# TASK DIRECTIONS
If a line in the data below includes the string "point", please return a copy of it.

# DATA RECORDS

○ ○ ○ ○ ○

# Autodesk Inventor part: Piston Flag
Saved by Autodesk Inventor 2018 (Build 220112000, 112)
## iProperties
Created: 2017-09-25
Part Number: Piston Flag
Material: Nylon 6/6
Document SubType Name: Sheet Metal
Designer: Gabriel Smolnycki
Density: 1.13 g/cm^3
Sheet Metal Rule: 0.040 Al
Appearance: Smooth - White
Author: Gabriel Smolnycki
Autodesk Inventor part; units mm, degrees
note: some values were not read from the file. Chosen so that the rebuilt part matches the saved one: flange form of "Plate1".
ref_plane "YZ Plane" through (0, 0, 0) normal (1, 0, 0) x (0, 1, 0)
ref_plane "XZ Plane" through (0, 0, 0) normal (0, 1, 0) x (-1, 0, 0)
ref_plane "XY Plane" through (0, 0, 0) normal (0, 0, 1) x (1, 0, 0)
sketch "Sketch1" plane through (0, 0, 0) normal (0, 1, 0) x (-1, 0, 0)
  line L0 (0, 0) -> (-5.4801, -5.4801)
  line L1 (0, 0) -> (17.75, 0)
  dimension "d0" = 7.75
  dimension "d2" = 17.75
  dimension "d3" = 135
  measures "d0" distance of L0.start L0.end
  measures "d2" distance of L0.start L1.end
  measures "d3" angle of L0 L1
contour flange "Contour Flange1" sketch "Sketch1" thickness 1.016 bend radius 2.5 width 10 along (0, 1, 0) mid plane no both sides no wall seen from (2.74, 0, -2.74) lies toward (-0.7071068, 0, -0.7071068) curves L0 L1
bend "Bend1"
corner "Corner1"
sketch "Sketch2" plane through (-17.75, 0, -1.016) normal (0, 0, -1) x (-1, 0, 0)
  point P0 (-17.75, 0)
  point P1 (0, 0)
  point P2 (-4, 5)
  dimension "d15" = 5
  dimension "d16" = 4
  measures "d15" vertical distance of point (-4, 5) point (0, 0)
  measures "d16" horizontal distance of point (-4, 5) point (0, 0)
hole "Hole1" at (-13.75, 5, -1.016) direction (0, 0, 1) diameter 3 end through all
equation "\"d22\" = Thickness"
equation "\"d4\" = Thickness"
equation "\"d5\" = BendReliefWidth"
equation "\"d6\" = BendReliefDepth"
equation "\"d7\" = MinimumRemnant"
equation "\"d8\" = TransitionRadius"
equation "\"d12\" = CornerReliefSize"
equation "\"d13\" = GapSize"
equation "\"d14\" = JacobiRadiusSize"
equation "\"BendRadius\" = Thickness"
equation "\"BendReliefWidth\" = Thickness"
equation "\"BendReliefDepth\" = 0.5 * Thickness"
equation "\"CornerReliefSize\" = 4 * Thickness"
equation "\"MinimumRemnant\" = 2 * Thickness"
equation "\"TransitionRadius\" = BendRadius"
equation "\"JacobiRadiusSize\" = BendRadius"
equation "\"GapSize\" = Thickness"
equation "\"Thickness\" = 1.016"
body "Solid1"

○ ○ ○ ○ ○

# OUTPUT FOR THIS TASK
  point P0 (-17.75, 0)
  point P1 (0, 0)
  point P2 (-4, 5)
  measures "d15" vertical distance of point (-4, 5) point (0, 0)
  measures "d16" horizontal distance of point (-4, 5) point (0, 0)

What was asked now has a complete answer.